In the present case, it would appear that the utilization of loan moneys in this manner was not necessary for the purpose of effecting the transfer of the debit from the Discharged Soldiers’ Settlement Fund to the Closer Settlement Fund, but that one Fund could have been debited and the other credited with the sum in question without the utilization of the moneys borrowed. The net result of this utilization of the moneys so borrowed is to reduce the balance standing at the debit of Discharged Soldiers’ Settlement Fund and enable payment therefrom of £350,000 to Revenue, thereby reducing the amount of the State deficit.
I note that in the file it is stated by a State officer that the late Prime Minister promised that no objection would be taken by the Commonwealth to the course proposed. No confirmation of this promise has been made available, and in the absence of some confirmation I see no reason why the Commonwealth should agree to a departure from the provisions of the Financial Agreement.
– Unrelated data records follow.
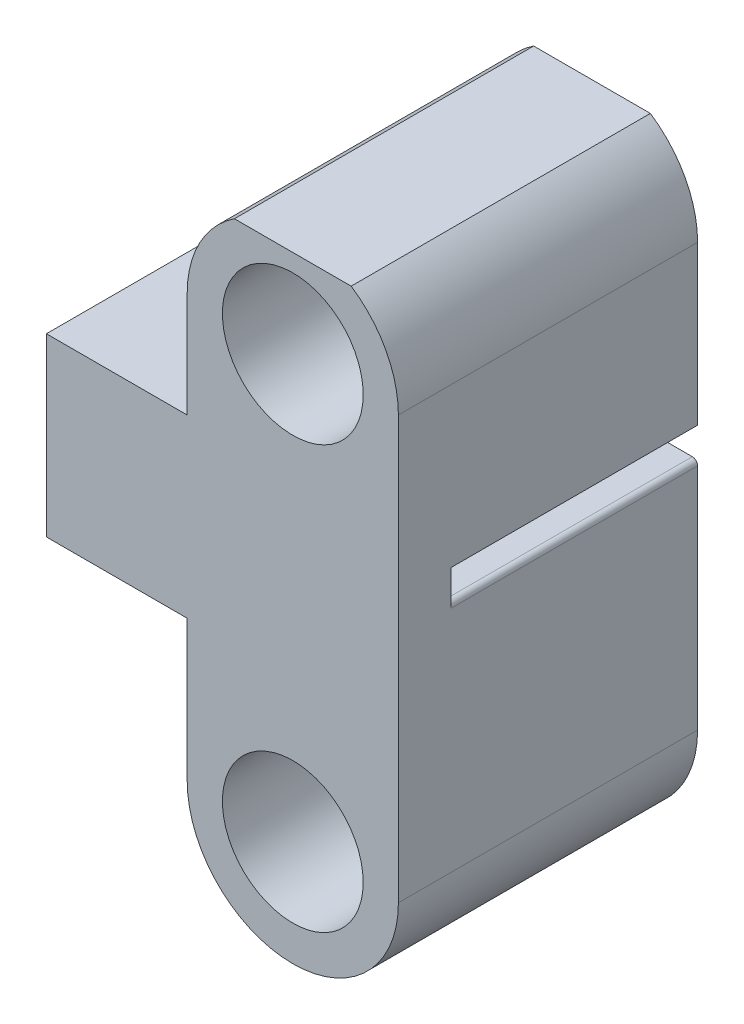
SolidWorks part; units mm, degrees
ref_plane "Front Plane" through (0, 0, 0) normal (0, 0, 1) x (1, 0, 0)
ref_plane "Top Plane" through (0, 0, 0) normal (0, 1, 0) x (1, 0, 0)
ref_plane "Right Plane" through (0, 0, 0) normal (1, 0, 0) x (0, 0, -1)
sketch "Sketch1" plane through (0, 0, 0) normal (0, 0, 1) x (1, 0, 0)
  line L0 (0, 0) -> (0, -12) construction
  line L1 (-3, 0) -> (-3, -12)
  line L2 (3, 0) -> (3, -12)
  arc A0 (3, 0) -> (-3, 0) centre (0, 0) ccw
  arc A1 (-3, -12) -> (3, -12) centre (0, -12) ccw
  circle A2 centre (0, 0) radius 2
  circle A3 centre (0, -12) radius 2
  dimension "D2" = 6
  dimension "D6" = 4
  dimension "D7" = 4
  dimension "D1" = 12
extrude "Boss-Extrude1" add sketch "Sketch1" along normal blind 8.5
sketch "Sketch2" plane through (3, 0, 0) normal (1, 0, 0) x (0, 0, -1)
  line L0 (-8.5, -6) -> (0, -6) construction
  line L1 (-8.5, -12) -> (-8.5, 0) construction
  line L2 (0, -12) -> (0, 0) construction
  line L3 (-4.25, 0) -> (-4.25, -12) construction
  line L4 (-8.5, 0) -> (0, 0) construction
  line L5 (-8.5, -12) -> (0, -12) construction
  circle A0 centre (-4.25, -8.5) radius 2
  dimension "D1" = 4
  dimension "D2" = 2.5
extrude "Cut-Extrude1" [suppressed] cut sketch "Sketch2" against normal through all
sketch "Sketch3" [suppressed] plane through (3, 0, 0) normal (1, 0, 0) x (0, 0, -1)
  line L1 (-0.6416, -8.5) -> (-2.4458, -5.375)
  line L2 (-2.4458, -5.375) -> (-6.0542, -5.375)
  line L3 (-6.0542, -5.375) -> (-7.8584, -8.5)
  line L4 (-7.8584, -8.5) -> (-6.0542, -11.625)
  line L5 (-6.0542, -11.625) -> (-2.4458, -11.625)
  line L6 (-2.4458, -11.625) -> (-0.6416, -8.5)
  line L7 (-1.8684, -4.375) -> (-6.6316, -4.375)
  line L8 (-6.6316, -4.375) -> (-9.0131, -8.5)
  line L9 (-9.0131, -8.5) -> (-6.6316, -12.625)
  line L10 (-6.6316, -12.625) -> (-1.8684, -12.625)
  line L11 (-1.8684, -12.625) -> (0.5131, -8.5)
  line L12 (0.5131, -8.5) -> (-1.8684, -4.375)
  circle A0 centre (-4.25, -8.5) radius 3.125 construction
  circle A1 centre (-4.25, -8.5) radius 4.125 construction
  dimension "D1" = 6.25
  dimension "D2" = 1
extrude "Boss-Extrude2" [suppressed] add sketch "Sketch3" along normal blind 2 and the other way blind 0.5
sketch "Sketch4" [suppressed] plane through (-3, 0, 0) normal (-1, 0, 0) x (0, 0, 1)
  line L0 (4.25, 0) -> (4.25, -6.5) construction
  line L1 (8.5, 0) -> (0, 0) construction
  line L3 (0.75, -2.75) -> (7.75, -2.75)
  line L4 (0.75, -2.75) -> (0.75, -5.75)
  line L5 (0.75, -5.75) -> (7.75, -5.75)
  line L6 (7.75, -2.75) -> (7.75, -5.75)
  line L7 (0.75, -2.75) -> (7.75, -5.75) construction
  line L8 (0.75, -5.75) -> (7.75, -2.75) construction
  circle A0 centre (4.25, -8.5) radius 2 construction
  point P7 (4.25, -4.25)
  dimension "D1" = 7
  dimension "D2" = 3
  dimension "D3" = 2.75
extrude "Cut-Extrude2" [suppressed] cut sketch "Sketch4" against normal through all
sketch "Sketch5" plane through (-3, 0, 0) normal (-1, 0, 0) x (0, 0, 1)
  line L0 (4.25, 0) -> (4.25, -12) construction
  line L1 (8.5, 0) -> (0, 0) construction
  line L2 (8.5, -12) -> (0, -12) construction
  line L3 (0, -6) -> (8.5, -6) construction
  line L4 (0, 0) -> (0, -12) construction
  line L5 (8.5, 0) -> (8.5, -12) construction
  line L7 (0, -15) -> (8.5, -15)
  line L8 (0, -15) -> (0, 3)
  line L9 (0, 3) -> (8.5, 3)
  line L10 (8.5, -15) -> (8.5, 3)
  line L11 (0, -15) -> (8.5, 3) construction
  line L12 (0, 3) -> (8.5, -15) construction
  point P12 (4.25, -6)
extrude "Cut-Extrude3" [suppressed] cut sketch "Sketch5" against normal through all flip side to cut
sketch "Sketch9" plane through (-3, 0, 0) normal (-1, 0, 0) x (0, 0, 1)
  line L0 (8.5, 0) -> (8.5, -12) construction
  line L1 (0, -3) -> (8.5, -3)
  line L2 (0, -3) -> (0, -8)
  line L3 (0, -8) -> (8.5, -8)
  line L4 (8.5, -3) -> (8.5, -8)
  line L5 (0, 0) -> (0, -12) construction
  line L6 (8.5, 0) -> (0, 0) construction
  dimension "D1" = 5
  dimension "D2" = 3
extrude "Boss-Extrude4" add sketch "Sketch9" along normal blind 4
sketch "Sketch6" plane through (3, 0, 0) normal (1, 0, 0) x (0, 0, -1)
  line L0 (0, -12) -> (0, 0) construction
  line L1 (0, -4.5) -> (-7, -4.5)
  line L2 (0, -4.5) -> (0, -6.1)
  line L3 (0, -6.1) -> (-7, -6.1)
  line L4 (-7, -4.5) -> (-7, -6.1)
  dimension "D1" = 1.6
  dimension "D2" = 4.5
  dimension "D3" = 7
extrude "Cut-Extrude5" cut sketch "Sketch6" against normal through all
sketch "Sketch7" plane through (0, 0, 7) normal (0, 0, -1) x (-1, 0, 0)
  line L0 (-3, -6.1) -> (-3, -5.5)
  line L1 (-3, -4.5) -> (-3, -6.1) construction
  line L2 (-2.85, -5.35) -> (-2.15, -5.35)
  line L3 (-2, -5.5) -> (-2, -6.1)
  line L4 (7, -6.1) -> (-3, -6.1) construction
  line L5 (-2, -6.1) -> (-3, -6.1)
  line L6 (-0.85, -5.35) -> (-0.15, -5.35)
  line L7 (0, -5.5) -> (0, -6.1)
  line L8 (0, -6.1) -> (-1, -6.1)
  line L9 (-1, -6.1) -> (-1, -5.5)
  line L10 (1.15, -5.35) -> (1.85, -5.35)
  line L11 (2, -5.5) -> (2, -6.1)
  line L12 (2, -6.1) -> (1, -6.1)
  line L13 (1, -6.1) -> (1, -5.5)
  line L14 (3.15, -5.35) -> (3.85, -5.35)
  line L15 (4, -5.5) -> (4, -6.1)
  line L16 (4, -6.1) -> (3, -6.1)
  line L17 (3, -6.1) -> (3, -5.5)
  line L18 (5.15, -5.35) -> (5.85, -5.35)
  line L19 (6, -5.5) -> (6, -6.1)
  line L20 (6, -6.1) -> (5, -6.1)
  line L21 (5, -6.1) -> (5, -5.5)
  arc A0 (-2.15, -5.35) -> (-2, -5.5) centre (-2.15, -5.5) cw
  arc A1 (-3, -5.5) -> (-2.85, -5.35) centre (-2.85, -5.5) cw
  arc A2 (-1, -5.5) -> (-0.85, -5.35) centre (-0.85, -5.5) cw
  arc A3 (-0.15, -5.35) -> (0, -5.5) centre (-0.15, -5.5) cw
  arc A4 (1, -5.5) -> (1.15, -5.35) centre (1.15, -5.5) cw
  arc A5 (1.85, -5.35) -> (2, -5.5) centre (1.85, -5.5) cw
  arc A6 (3, -5.5) -> (3.15, -5.35) centre (3.15, -5.5) cw
  arc A7 (3.85, -5.35) -> (4, -5.5) centre (3.85, -5.5) cw
  arc A8 (5, -5.5) -> (5.15, -5.35) centre (5.15, -5.5) cw
  arc A9 (5.85, -5.35) -> (6, -5.5) centre (5.85, -5.5) cw
  point P11 (-2, -5.35)
  point P14 (-3, -5.35)
  dimension "D3" = 0.15
  dimension "D1" = 1
  dimension "D2" = 0.75
  dimension "D4" = 5
extrude "Boss-Extrude3" add sketch "Sketch7" along normal through all
sketch "Sketch10" plane through (0, 0, 8.5) normal (0, 0, 1) x (1, 0, 0)
  line L1 (-2.5, 3.5) -> (2.5, 3.5)
  line L2 (-2.5, 3.5) -> (-2.5, 2.5)
  line L3 (-2.5, 2.5) -> (2.5, 2.5)
  line L4 (2.5, 3.5) -> (2.5, 2.5)
  line L5 (-2.5, 3.5) -> (2.5, 2.5) construction
  line L6 (-2.5, 2.5) -> (2.5, 3.5) construction
  arc A0 (3, 0) -> (-3, 0) centre (0, 0) ccw construction
  point P0 (0, 3)
  dimension "D1" = 1
  dimension "D2" = 5
extrude "Cut-Extrude6" cut sketch "Sketch10" against normal through all
equation "\"X-ROD-SPACING\"=45"
equation "\"Y-ROD-SPACING\"=75"
equation "\"Z-ROD-SPACING\"=17.5"
equation "\"Y-BED-OFFSET\"=2"
equation "\"Y-BED-ROD-INSET\"=3.5"
equation "\"Y-BED-SCREW-SPACING\"=209"
equation "\"Y-BED-SCREW-CUTOUT-SLOT-HEIGHT\"=2"
equation "\"T-SLOT-NUT-FILLET-RADIUS\"=0.5"
equation "\"T-SLOT-SCREW-SHAFT-RADIUS\"=1.55"
equation "\"T-SLOT-SCREW-SHAFT-CUTOUT-LENGTH\"=11"
equation "\"T-SLOT-NUT-DEPTH\"=3.5"
equation "\"T-SLOT-NUT-WIDTH\"=2.85"
equation "\"T-SLOT-NUT-END-DISTANCE\"=8"
equation "\"ACRYLIC-THICKNESS\"=10"
equation "\"ACRYLIC-THICKNESS2\"=4.5"
equation "\"ACRYLIC-TAB-CUTOUT-SIZE\"=\"ACRYLIC-THICKNESS\"+\"ACRYLIC-TAB-TOLERANCE\"*2"
equation "\"ACRYLIC-TAB-TOLERANCE\"=-.05"
equation "\"ACRYLIC-TAB-WIDTH\"=\"ACRYLIC-THICKNESS\""
equation "\"ACRYLIC-M3-HOLE\"=2.9"
equation "\"SMOOTHROD-CAP-SCREW-DISTANCE\"=20"
equation "\"FRAME-WIDTH-INNER\"=370"
equation "\"NEMA17-HOLE-SPACING\"=31"
equation "\"NEMA17-CENTRAL-CUTOUT\"=22.5"
equation "\"Z-BRACKET-REACH\"=55"
equation "\"Z-ROD-INSET\"=13.5"
equation "\"TOP-BRACKET-SPACING\"=40"
equation "\"SMOOTHROD-X-LENGTH\"=350"
equation "\"SMOOTHROD-Y-LENGTH\"=350"
equation "\"SMOOTHROD-Z-LENGTH\"=350"
equation "\"SMOOTHROD-TIGHTENING-HEADROOM\"=.25"
equation "\"LEADSCREW-Z-LENGTH\"=300"
equation "\"SCREW-LENGTH-FRAME\"=\"ACRYLIC-THICKNESS\" + 10"
equation "\"SCREW-LENGTH-MOTOR\"=\"ACRYLIC-THICKNESS\" + 5"
equation "\"SCREW-LENGTH-EXTRUDER\"=28"
equation "\"SCREW-HEAD-RADIUS\"=6"
equation "\"PRINTED-M3-HOLE\"=3.5"
equation "\"PRINTED-X-SMOOTHROD-DIAMETER\"=9.0"
equation "\"PRINTED-X-SMOOTHROD-CUTOUT\"=10"
equation "\"PRINTED-X-BASE-HEIGHT\"=10"
equation "\"PRINTED-LM8UU-CUTOUT-SIZE\"=15.5"
equation "\"PRINTED-LM8UU-CUTOUT-LENGTH\"=24.5"
equation "\"PRINTED-X-IDLER-HEIGHT\"=16"
equation "\"PRINTED-M3-NUT-AF\"=6.25"
equation "\"PSU-MOUNTING-WIDTH\"=95"
equation "\"PSU-MOUNTING-HEIGHT\"=177"
equation "\"Y-BELT-TO-ROD-DISTANCE\"=20"
equation "\"SPOOL-HOLDER-ROD-SPACING\"=150"
equation "\"ACRYLIC-X-CARRIAGE-WIDTH\"=55"
equation "\"ACRYLIC-X-CARRIAGE-HEIGHT\"=75"
equation "\"ACRYLIC-X-CARRIAGE-LM8UU-CUTOUT-WIDTH\"=24.25"
equation "\"ACRYLIC-X-CARRIAGE-LM8UU-CUTOUT-HEIGHT\"=11.0"
equation "\"ACRYLIC-X-CARRIAGE-SCREW-SPACING-X\"=15"
equation "\"ACRYLIC-X-CARRIAGE-SCREW-SPACING-Y\"=33"
equation "\"ACRYLIC-X-CARRIAGE-CENTER-TAB-SPACING\"=14"
equation "\"ACRYLIC-X-CARRIAGE-EXTRUDER-OFFSET\"=26"
equation "\"ACRYLIC-X-CARRIAGE-EXTRUDER-ANGLE\"=90"
equation "\"ACRYLIC-X-CARRIAGE-EXTRUDER-SHELF-DEPTH\"=\"ACRYLIC-X-CARRIAGE-EXTRUDER-OFFSET\" + 28"
equation "\"ACRYLIC-X-CARRIAGE-EXTRUDER-BRACE-SPACING\"=23"
equation "\"ACRYLIC-X-CARRIAGE-EXTRUDER-BRACE-TAB-OFFSET\"=20"
equation "\"ACRYLIC-X-CARRIAGE-EXTRUDER-BRACE-HEIGHT\"=35"
equation "\"ACRYLIC-X-CARRIAGE-EXTRUDER-BRACE-SCREW-SPACING\"=22"
equation "\"ACRYLIC-X-CARRIAGE-DUAL-WIDTH-MULTIPLIER\"=1.65"
equation "\"ACRYLIC-X-CARRIAGE-DUAL-HOTEND-SPACING\"=42"
equation "\"ACRYLIC-X-CARRIAGE-DUAL-WIDTH\"=75"
equation "\"ACRYLIC-X-CARRIAGE-DUAL-HOTEND-SEPARATION\"=36"
equation "\"ACRYLIC-X-CARRIAGE-DUAL-MOUNT-PLATE-DEPTH\"=75"
equation "\"ACRYLIC-X-CARRIAGE-DUAL-MOUNT-BRACE-WIDTH\"=33"
equation "\"ACRYLIC-X-CARRIAGE-DUAL-MOUNT-SCREW-WIDTH\"=40"
equation "\"BLOWER-FAN-WIDTH\"=15"
equation "\"D1@Sketch3\"=\"PRINTED-M3-NUT-AF\""

I note also that the State Parliament in accepting the Financial Agreement provided in section 9(4) of Act No. 3554 that the provisions of that section should not apply with respect to loan moneys raised under the authority of the Closer Settlement Acts or the Discharged Soldiers Settlement Acts. The precise object of this sub-section does not appear to have been explained to or discussed in the Victorian Parliament. In any case, to the extent (if any) to which it is inconsistent with the provisions of the Financial Agreement, it appears to be either ineffective or to have the effect of vitiating the State’s acceptance of the Agreement: and I assume that the State would not contend the latter.
The opinions of the State Crown Solicitor contained in the file do not bear on the effect of the Financial Agreement, but deal merely with questions relating to the transfer of the debit from one fund to another fund.
After careful consideration I am satisfied that on the facts in the file the sum of £350,000 must be treated as having been raised to meet a revenue deficit within the meaning of the paragraphs of the Financial Agreement, above set out.
I am, therefore, of opinion that the State is liable to contribute thereon at the rate of 4 per centum per annum, and that the Commonwealth is not liable to make any contribution in respect thereof.